* **Work item**:
I'd like the number of lines in the material below that include the word "note", written with no other text.

-=-=-=-=-

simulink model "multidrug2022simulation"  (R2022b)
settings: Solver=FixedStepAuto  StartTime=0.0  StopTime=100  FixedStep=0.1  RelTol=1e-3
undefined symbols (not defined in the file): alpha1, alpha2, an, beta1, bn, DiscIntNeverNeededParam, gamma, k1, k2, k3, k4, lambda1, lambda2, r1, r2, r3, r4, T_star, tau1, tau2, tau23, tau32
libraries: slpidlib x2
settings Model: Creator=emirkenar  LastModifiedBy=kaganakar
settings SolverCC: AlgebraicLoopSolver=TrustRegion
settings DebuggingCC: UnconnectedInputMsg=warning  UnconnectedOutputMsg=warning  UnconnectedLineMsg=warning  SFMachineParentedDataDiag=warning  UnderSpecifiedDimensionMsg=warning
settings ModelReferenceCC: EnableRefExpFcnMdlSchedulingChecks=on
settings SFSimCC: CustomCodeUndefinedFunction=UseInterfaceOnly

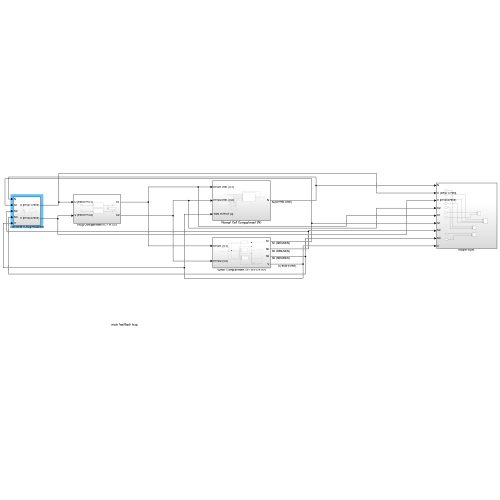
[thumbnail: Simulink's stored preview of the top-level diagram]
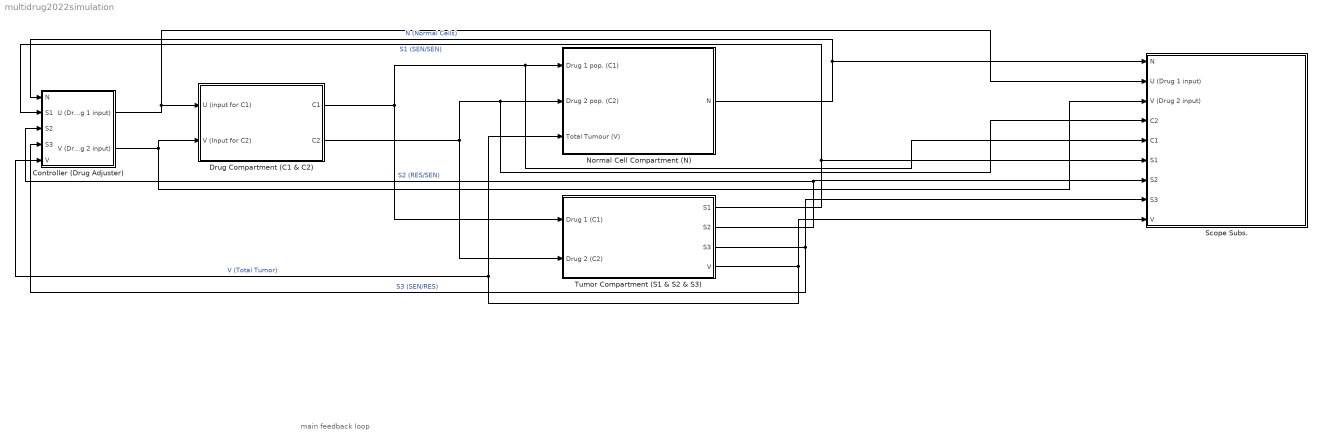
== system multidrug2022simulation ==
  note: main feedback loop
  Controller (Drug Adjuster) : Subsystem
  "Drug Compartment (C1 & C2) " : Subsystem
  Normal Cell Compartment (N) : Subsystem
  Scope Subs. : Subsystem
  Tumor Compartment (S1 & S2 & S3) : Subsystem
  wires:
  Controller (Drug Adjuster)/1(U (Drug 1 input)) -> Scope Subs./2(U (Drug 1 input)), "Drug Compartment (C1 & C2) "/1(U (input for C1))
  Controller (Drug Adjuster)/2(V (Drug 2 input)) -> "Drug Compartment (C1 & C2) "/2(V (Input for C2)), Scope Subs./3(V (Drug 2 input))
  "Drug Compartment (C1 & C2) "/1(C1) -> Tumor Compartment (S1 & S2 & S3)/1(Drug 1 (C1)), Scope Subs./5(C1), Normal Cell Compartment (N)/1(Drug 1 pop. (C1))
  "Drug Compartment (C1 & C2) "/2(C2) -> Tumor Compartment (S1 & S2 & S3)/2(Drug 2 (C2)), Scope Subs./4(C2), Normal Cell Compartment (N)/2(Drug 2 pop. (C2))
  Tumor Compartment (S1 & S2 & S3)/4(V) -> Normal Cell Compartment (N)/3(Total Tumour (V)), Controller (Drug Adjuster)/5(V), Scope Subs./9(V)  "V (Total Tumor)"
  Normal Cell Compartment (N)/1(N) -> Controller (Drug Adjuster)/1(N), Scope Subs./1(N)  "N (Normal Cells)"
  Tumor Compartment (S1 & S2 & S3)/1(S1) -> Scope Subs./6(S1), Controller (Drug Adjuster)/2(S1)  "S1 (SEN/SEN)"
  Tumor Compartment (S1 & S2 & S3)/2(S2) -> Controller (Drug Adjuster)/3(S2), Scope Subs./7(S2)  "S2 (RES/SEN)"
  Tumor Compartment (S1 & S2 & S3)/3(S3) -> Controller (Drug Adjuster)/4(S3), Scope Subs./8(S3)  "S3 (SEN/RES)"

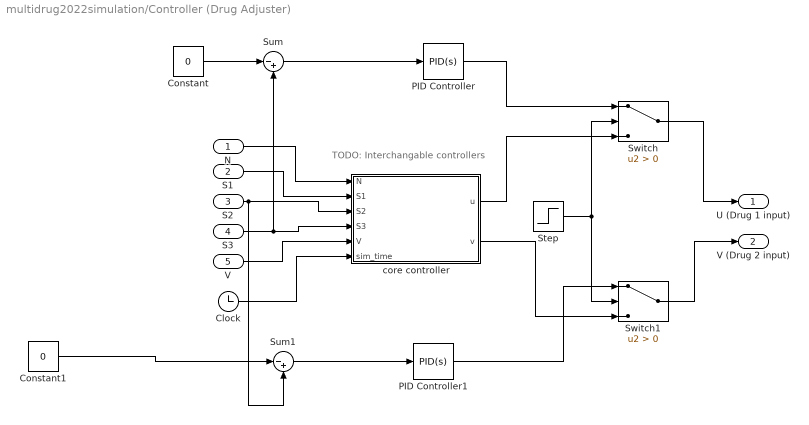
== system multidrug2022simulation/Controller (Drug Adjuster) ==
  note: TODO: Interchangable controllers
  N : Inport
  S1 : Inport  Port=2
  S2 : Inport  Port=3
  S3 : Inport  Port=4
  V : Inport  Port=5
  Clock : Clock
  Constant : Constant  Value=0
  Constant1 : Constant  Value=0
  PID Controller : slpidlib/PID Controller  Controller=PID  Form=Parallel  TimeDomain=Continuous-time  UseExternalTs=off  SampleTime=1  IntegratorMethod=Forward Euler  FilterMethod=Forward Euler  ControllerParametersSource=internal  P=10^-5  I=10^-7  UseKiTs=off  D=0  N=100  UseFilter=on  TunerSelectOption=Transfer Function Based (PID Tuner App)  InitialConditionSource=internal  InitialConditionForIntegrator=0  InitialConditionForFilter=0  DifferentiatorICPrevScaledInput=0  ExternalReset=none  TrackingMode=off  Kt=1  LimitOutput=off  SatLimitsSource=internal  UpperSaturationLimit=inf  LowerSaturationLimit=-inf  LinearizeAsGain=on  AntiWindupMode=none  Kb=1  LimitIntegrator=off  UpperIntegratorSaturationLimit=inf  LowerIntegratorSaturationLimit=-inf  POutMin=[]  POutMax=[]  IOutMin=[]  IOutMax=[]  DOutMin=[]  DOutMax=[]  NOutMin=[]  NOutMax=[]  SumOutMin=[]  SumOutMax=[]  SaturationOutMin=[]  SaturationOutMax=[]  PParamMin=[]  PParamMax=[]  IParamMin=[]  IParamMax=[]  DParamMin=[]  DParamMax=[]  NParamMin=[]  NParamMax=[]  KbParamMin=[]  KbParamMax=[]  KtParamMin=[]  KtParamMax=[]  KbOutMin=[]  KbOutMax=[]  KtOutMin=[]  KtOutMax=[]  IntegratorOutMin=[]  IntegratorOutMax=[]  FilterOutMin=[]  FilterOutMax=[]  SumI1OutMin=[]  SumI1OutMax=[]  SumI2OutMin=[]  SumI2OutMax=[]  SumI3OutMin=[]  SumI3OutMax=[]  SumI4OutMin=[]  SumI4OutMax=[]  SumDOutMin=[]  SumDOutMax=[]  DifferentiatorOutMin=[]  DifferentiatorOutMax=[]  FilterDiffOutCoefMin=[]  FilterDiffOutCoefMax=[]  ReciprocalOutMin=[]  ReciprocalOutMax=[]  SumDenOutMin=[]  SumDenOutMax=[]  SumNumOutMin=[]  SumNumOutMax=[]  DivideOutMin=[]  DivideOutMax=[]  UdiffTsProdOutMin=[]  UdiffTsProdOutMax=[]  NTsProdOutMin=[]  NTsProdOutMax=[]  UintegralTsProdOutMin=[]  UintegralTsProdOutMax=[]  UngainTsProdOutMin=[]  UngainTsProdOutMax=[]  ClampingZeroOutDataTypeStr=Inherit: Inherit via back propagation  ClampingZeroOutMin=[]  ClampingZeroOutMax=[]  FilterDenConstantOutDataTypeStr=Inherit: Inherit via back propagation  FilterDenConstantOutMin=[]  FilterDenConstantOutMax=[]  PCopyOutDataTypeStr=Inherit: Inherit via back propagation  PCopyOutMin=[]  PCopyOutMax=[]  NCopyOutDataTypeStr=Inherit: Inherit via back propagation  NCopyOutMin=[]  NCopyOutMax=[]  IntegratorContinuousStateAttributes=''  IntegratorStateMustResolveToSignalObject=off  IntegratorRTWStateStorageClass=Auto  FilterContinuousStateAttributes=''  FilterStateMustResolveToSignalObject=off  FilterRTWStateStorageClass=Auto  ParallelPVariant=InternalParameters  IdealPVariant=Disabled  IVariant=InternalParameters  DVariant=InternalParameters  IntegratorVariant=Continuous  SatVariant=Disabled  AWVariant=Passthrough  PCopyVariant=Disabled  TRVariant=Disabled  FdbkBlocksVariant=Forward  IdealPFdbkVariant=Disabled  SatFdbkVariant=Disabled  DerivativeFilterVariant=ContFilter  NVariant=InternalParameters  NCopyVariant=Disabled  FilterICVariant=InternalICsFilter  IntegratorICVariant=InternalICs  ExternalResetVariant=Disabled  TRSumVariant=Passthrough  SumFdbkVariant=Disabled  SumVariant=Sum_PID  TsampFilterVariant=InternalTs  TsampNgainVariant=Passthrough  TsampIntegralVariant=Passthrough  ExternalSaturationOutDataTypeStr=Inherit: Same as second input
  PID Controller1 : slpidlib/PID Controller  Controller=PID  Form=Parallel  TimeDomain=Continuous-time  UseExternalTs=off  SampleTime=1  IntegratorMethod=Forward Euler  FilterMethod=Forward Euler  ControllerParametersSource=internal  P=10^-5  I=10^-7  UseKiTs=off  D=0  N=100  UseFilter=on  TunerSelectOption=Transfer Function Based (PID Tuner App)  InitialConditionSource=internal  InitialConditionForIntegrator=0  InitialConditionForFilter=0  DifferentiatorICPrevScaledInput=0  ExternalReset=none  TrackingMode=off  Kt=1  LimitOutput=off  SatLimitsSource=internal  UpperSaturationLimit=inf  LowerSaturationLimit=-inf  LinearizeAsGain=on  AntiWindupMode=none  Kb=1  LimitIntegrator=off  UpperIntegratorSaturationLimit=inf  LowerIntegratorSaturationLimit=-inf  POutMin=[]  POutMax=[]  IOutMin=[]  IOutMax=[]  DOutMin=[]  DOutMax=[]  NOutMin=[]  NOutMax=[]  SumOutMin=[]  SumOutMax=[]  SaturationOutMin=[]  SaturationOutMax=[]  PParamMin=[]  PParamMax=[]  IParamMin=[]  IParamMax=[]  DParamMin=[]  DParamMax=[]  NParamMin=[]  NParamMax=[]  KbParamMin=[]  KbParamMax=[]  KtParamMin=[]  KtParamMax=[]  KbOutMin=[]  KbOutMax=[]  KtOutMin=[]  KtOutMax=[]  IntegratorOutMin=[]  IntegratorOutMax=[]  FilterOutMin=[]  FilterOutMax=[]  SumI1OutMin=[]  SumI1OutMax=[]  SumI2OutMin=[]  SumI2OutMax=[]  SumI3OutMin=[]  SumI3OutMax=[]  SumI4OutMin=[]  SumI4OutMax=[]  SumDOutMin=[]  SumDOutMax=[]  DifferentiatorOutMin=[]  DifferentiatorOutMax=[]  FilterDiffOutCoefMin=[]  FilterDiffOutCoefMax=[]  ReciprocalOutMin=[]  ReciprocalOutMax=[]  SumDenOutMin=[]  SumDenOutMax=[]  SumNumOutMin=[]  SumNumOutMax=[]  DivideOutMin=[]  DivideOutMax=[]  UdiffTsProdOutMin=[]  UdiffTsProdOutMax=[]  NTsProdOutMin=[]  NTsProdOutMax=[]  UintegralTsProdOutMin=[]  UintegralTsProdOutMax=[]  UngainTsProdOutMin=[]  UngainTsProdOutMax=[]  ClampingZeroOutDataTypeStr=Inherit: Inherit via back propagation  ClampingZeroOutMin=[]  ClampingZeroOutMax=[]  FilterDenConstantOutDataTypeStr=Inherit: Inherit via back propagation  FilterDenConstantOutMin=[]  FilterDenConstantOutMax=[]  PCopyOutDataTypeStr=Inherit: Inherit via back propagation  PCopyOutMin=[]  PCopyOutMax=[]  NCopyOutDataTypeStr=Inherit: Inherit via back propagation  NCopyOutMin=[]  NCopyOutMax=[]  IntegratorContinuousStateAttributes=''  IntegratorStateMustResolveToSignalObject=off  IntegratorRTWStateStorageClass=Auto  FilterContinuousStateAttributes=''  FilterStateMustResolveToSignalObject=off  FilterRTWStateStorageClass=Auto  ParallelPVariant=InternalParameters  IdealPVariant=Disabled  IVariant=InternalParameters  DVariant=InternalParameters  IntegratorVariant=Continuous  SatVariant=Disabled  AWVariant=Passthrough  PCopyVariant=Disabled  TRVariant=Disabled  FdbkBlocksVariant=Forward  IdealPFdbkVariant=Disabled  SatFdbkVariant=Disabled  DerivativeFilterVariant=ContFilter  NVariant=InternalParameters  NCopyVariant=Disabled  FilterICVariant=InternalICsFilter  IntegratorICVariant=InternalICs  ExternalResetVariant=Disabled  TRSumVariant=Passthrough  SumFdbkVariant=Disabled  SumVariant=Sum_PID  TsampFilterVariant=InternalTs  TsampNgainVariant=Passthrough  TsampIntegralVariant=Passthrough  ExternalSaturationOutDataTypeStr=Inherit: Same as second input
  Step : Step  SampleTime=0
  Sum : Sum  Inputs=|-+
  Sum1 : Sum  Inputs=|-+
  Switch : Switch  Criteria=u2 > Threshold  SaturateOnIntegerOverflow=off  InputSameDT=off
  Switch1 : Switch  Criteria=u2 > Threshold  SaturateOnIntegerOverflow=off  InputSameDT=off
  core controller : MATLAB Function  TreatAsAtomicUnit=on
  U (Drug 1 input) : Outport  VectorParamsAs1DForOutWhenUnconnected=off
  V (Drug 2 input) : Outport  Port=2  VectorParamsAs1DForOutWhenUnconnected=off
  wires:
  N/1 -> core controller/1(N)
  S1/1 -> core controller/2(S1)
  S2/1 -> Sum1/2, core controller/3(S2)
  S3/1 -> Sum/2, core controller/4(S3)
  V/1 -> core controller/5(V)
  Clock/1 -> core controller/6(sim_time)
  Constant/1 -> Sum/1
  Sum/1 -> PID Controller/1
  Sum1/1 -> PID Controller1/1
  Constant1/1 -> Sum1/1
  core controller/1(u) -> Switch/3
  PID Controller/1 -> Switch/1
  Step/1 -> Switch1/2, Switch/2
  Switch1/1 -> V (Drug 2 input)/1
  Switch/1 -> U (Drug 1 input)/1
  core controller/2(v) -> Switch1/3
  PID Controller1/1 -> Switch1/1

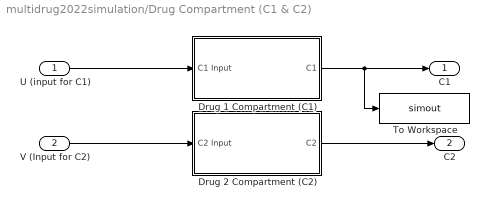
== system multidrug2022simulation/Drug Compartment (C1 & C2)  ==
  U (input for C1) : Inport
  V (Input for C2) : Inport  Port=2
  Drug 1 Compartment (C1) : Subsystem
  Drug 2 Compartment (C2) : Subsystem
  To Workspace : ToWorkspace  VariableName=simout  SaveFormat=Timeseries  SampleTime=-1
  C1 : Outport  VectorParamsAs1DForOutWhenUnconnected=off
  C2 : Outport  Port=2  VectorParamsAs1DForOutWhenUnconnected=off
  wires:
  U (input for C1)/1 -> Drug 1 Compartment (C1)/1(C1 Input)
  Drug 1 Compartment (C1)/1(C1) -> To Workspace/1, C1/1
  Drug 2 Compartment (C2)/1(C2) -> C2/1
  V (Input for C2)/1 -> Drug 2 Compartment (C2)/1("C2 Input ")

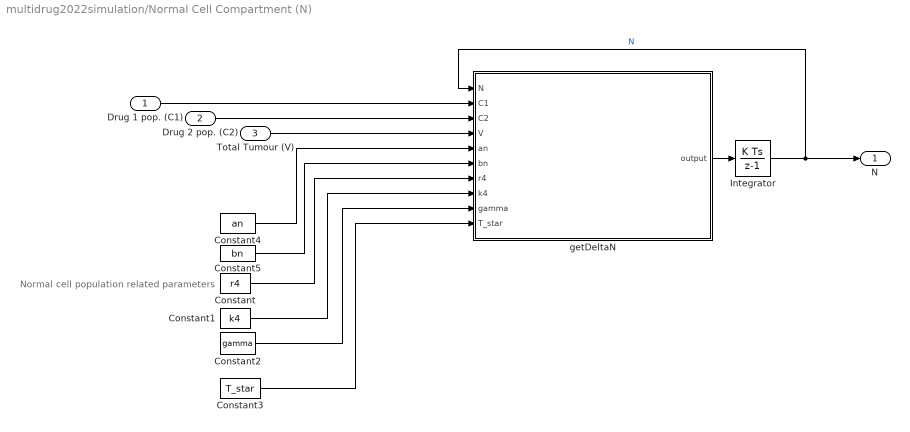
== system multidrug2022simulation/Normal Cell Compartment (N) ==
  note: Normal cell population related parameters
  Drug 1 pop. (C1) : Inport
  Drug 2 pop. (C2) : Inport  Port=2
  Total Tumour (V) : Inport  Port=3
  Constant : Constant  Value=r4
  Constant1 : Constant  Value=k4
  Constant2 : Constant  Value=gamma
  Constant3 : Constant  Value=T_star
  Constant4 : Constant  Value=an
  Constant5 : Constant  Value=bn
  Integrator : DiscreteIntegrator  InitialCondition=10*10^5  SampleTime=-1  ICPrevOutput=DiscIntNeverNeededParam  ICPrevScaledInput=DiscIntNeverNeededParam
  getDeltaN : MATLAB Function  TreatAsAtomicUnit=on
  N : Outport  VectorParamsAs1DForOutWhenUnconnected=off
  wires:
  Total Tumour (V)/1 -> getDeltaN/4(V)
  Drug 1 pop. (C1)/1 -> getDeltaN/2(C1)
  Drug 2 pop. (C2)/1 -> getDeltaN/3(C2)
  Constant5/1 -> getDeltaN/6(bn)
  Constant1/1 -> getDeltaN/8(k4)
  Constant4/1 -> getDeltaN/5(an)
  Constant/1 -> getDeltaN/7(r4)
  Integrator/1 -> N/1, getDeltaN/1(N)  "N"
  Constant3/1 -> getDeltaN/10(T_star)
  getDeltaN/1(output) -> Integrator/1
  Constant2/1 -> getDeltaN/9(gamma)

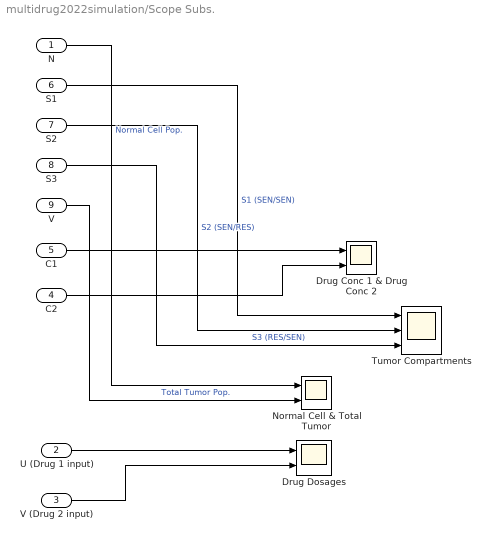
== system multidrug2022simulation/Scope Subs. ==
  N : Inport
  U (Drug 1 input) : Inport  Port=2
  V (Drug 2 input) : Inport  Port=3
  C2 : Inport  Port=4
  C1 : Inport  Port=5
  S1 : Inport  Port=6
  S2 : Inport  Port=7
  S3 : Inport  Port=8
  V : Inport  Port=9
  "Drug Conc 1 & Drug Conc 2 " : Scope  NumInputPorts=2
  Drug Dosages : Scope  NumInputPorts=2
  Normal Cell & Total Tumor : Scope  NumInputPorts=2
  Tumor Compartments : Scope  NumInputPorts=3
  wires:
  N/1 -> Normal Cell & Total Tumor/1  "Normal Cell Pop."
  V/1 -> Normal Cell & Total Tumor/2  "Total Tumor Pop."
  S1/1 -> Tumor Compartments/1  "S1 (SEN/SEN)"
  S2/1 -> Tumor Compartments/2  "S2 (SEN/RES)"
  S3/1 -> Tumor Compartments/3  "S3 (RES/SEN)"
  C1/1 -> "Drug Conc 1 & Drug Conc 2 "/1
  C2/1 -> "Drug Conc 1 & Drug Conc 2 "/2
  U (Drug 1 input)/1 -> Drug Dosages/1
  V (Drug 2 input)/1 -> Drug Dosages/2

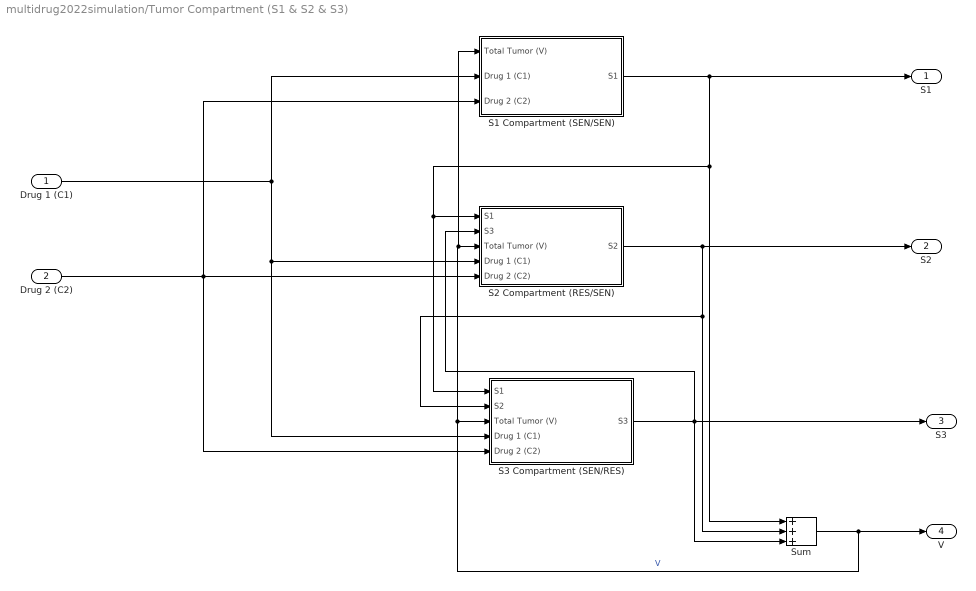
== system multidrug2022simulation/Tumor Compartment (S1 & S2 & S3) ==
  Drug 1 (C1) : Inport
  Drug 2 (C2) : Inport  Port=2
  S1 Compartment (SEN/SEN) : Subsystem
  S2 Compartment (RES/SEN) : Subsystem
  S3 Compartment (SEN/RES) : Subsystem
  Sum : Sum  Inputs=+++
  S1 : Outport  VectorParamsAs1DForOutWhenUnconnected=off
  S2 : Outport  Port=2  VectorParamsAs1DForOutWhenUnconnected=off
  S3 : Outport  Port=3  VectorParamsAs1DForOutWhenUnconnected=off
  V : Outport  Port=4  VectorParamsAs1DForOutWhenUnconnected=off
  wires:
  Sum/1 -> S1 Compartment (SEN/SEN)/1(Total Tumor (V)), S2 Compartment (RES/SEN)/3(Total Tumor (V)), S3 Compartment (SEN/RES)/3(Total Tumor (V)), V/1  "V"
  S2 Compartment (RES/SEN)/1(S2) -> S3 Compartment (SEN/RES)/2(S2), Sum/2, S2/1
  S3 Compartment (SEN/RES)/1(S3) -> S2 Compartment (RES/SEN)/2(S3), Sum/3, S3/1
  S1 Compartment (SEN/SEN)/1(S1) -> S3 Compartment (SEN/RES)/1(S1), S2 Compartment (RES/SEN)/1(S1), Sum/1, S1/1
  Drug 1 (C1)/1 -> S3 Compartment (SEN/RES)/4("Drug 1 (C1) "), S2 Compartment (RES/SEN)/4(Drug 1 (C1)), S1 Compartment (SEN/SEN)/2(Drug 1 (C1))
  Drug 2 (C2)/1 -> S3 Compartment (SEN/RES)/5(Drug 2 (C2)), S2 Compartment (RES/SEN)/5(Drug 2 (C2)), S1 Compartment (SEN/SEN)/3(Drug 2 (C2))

-=-=-=-=-

* **Answer space**:
3